Breve nota biografica.
Federico Severino nasce a Vizzolo Predabissi (MI) l’8 agosto del 1990. Nel 2009 si iscrive all’Accademia di Belle Arti e Restauro Abadir, dove nel marzo del 2013 consegue il diploma di primo livello. In questi anni si forma pittoricamente sotto la guida dei maestri del gruppo di Scicli Piero Zuccaro e Giuseppe Puglisi, grandi mentori. Nel 2013 consegue il diploma di Laurea in pittura presso l‘Accademia di Belle Arti e Restauro ‘Abadir’, (CT). Dopo un periodo di residenza a Berlino rientra a Catania e nel settembre del 2016 concluderà gli studi presso l’Accademia di Belle Arti di Catania con il diploma di Laurea di II livello in Pittura.
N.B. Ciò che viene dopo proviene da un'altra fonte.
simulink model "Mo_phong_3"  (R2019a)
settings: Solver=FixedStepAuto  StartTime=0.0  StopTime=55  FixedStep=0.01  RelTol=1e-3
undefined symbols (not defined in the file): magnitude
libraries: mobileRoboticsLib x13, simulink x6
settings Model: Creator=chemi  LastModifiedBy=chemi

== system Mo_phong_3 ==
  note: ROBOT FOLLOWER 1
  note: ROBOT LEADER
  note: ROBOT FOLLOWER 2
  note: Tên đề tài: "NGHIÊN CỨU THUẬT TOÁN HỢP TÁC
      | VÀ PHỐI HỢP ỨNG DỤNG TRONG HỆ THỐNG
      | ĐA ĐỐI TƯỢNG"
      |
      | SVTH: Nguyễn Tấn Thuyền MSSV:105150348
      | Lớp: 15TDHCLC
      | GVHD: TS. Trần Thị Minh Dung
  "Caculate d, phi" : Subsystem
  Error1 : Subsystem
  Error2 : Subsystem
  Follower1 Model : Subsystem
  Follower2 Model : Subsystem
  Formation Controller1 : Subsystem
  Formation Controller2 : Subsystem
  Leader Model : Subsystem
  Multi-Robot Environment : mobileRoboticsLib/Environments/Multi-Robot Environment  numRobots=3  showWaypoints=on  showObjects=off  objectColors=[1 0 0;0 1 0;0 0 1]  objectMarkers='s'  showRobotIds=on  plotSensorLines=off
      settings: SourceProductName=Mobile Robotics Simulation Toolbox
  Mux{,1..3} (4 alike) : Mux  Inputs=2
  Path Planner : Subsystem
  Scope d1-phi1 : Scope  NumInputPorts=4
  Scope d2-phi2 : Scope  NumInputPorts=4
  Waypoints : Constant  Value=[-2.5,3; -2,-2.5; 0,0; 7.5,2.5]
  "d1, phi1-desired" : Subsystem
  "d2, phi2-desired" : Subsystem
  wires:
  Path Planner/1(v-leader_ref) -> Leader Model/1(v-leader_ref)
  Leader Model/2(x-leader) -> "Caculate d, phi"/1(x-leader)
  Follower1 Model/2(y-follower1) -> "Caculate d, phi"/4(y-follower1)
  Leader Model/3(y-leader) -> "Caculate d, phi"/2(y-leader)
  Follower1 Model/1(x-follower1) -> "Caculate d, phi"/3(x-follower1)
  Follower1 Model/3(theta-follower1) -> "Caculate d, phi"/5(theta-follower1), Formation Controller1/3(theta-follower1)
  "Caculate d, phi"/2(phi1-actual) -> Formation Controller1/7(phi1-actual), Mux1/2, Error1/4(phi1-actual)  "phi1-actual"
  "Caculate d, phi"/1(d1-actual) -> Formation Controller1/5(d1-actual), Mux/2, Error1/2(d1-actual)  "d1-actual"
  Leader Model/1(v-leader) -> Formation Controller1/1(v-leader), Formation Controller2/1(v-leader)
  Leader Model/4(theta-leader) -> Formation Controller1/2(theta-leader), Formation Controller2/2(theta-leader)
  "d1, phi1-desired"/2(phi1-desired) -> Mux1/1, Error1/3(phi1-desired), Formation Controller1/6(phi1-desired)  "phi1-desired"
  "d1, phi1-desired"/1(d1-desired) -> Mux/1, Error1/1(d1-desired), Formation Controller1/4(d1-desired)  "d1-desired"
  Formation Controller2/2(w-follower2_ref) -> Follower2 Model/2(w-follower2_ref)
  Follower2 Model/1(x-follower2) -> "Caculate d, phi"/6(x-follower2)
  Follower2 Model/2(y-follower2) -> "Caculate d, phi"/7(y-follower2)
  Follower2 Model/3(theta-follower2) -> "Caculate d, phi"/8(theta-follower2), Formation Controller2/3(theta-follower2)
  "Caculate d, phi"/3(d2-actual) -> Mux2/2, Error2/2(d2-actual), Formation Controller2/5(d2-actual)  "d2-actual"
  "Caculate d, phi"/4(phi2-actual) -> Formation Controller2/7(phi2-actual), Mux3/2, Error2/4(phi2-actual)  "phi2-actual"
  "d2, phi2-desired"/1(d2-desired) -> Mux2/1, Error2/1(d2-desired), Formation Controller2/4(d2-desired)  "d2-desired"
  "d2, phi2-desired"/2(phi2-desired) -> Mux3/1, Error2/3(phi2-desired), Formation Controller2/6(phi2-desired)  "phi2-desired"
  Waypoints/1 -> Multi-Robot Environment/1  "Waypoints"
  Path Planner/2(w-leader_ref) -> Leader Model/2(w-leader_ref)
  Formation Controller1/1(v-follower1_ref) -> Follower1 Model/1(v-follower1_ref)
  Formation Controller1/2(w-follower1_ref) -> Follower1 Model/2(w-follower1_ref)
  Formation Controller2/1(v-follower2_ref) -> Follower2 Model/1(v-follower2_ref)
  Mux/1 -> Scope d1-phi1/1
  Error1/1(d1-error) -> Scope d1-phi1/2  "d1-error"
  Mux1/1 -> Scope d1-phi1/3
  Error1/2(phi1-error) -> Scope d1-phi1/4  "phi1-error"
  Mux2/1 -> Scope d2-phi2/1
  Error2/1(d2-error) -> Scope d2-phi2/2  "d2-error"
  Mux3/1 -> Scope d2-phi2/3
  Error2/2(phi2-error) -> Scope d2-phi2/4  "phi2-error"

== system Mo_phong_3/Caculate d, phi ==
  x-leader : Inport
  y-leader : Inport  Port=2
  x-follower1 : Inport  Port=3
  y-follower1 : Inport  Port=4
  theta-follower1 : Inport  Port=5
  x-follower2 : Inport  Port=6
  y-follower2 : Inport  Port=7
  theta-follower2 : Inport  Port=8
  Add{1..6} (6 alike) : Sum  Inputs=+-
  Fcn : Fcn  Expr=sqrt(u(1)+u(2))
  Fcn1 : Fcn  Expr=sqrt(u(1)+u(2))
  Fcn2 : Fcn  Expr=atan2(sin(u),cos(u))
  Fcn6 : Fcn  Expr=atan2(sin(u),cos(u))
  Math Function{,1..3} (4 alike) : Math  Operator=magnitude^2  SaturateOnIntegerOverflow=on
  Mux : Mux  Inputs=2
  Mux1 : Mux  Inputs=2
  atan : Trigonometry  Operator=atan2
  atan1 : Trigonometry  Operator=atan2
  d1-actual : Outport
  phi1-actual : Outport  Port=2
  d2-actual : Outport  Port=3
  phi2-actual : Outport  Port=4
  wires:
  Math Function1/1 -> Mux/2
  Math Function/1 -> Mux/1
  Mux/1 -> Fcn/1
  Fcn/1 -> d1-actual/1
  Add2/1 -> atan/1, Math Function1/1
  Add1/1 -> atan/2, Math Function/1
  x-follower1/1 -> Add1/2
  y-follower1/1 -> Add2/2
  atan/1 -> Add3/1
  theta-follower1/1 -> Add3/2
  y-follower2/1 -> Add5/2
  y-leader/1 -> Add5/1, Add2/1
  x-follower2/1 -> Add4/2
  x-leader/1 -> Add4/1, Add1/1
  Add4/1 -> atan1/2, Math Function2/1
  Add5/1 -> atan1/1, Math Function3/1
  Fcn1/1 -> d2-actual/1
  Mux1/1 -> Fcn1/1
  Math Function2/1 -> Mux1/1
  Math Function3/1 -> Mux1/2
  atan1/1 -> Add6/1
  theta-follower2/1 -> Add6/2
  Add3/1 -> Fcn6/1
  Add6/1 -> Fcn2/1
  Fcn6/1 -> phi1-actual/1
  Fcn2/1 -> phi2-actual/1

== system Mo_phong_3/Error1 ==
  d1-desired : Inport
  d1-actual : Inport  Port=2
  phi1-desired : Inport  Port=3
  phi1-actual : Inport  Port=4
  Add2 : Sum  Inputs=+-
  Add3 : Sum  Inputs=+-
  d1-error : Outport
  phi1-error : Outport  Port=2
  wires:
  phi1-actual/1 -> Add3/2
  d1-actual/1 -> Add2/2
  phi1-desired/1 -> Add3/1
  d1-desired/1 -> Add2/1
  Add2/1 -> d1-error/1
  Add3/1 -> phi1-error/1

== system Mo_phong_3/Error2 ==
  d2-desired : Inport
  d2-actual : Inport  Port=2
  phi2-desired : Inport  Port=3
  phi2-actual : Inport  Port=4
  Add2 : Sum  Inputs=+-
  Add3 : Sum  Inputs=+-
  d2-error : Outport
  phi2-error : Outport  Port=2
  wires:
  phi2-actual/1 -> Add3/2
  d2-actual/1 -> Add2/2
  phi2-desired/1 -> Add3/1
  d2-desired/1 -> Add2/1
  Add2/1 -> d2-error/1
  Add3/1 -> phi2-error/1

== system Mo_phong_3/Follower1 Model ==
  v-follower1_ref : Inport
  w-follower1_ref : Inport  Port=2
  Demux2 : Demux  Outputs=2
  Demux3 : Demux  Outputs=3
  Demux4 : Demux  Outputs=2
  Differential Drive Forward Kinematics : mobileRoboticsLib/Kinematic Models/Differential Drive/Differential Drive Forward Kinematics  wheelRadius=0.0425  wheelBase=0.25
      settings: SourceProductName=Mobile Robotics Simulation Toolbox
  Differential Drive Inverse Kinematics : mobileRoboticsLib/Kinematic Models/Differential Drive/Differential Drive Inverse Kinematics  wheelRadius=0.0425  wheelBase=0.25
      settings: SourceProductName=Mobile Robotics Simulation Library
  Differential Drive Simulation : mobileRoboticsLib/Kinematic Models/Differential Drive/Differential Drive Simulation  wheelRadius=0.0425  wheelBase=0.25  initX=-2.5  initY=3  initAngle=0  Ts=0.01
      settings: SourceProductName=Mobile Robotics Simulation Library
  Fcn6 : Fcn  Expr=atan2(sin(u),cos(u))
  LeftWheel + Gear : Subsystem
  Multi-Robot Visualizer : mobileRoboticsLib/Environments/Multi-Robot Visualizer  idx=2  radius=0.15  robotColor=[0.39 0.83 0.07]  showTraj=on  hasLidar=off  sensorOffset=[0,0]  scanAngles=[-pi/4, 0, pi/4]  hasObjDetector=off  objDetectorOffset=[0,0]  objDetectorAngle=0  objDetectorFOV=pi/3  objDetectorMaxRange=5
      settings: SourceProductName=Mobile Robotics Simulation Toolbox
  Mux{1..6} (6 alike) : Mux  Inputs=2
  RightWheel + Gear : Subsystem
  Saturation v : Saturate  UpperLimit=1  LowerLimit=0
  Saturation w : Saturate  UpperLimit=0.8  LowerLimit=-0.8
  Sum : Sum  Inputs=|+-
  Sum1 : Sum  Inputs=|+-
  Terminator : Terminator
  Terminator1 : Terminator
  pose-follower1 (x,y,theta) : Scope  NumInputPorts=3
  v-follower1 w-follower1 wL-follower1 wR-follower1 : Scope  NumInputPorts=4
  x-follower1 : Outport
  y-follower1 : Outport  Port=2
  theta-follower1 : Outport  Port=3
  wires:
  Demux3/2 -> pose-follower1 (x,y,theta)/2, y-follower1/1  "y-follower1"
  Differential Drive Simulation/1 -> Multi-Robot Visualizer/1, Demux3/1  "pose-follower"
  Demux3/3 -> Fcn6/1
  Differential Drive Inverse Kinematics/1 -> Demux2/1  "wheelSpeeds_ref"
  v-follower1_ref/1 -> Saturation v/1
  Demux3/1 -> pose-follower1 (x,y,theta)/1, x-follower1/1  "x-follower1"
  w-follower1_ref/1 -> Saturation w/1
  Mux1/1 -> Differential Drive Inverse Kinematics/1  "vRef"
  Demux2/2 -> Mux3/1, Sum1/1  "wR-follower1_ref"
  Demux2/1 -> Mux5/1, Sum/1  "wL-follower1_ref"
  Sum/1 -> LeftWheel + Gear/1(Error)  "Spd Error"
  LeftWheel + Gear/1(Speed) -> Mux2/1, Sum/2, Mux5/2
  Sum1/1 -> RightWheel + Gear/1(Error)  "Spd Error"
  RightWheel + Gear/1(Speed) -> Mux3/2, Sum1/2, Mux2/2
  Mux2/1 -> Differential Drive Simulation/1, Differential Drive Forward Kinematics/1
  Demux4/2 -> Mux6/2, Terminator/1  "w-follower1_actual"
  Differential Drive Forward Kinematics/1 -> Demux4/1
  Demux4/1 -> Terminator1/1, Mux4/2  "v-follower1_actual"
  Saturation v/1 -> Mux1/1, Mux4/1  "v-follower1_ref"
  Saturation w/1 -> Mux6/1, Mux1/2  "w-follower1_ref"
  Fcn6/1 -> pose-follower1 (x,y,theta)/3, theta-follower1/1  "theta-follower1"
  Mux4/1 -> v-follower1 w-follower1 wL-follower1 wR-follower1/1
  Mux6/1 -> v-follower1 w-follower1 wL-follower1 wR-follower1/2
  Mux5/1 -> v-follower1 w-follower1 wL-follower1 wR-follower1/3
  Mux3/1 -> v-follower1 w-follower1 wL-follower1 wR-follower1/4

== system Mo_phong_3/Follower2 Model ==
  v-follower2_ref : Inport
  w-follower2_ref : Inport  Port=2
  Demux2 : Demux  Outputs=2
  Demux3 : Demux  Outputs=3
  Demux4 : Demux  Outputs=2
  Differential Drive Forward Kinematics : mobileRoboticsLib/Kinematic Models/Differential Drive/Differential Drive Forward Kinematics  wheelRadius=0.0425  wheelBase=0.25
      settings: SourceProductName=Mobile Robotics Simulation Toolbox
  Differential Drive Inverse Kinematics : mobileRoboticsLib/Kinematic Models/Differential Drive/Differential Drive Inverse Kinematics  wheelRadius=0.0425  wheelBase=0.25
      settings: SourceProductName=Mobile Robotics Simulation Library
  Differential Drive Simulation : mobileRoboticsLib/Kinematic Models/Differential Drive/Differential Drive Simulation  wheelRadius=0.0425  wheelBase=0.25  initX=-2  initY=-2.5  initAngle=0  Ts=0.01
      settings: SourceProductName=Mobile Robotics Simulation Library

Partecipa a numerosi premi nazionali.
Vive e lavora tra Catania e Torino
Da cosa trai ispirazione?
Non è una questione di ispirazione, preferisco chiamarle sensazioni o ancora meglio, emozioni. Tutto scaturisce da un’attenta osservazione delle cose intorno a me. Nello specifico traggo ispirazione dal “paesaggio” inteso come estensione della nostra mente. Paesaggi intensi come trasposizioni di luoghi, paesaggi interiori. Sono molto interessato ai molteplici aspetti che può suggerire un paesaggio – luogo, dimensione ideale che diventa una dimensione aperta per tutti. Ho il forte bisogno di vivere l’ambiente e conoscere fisicamente il territorio, calpestarlo.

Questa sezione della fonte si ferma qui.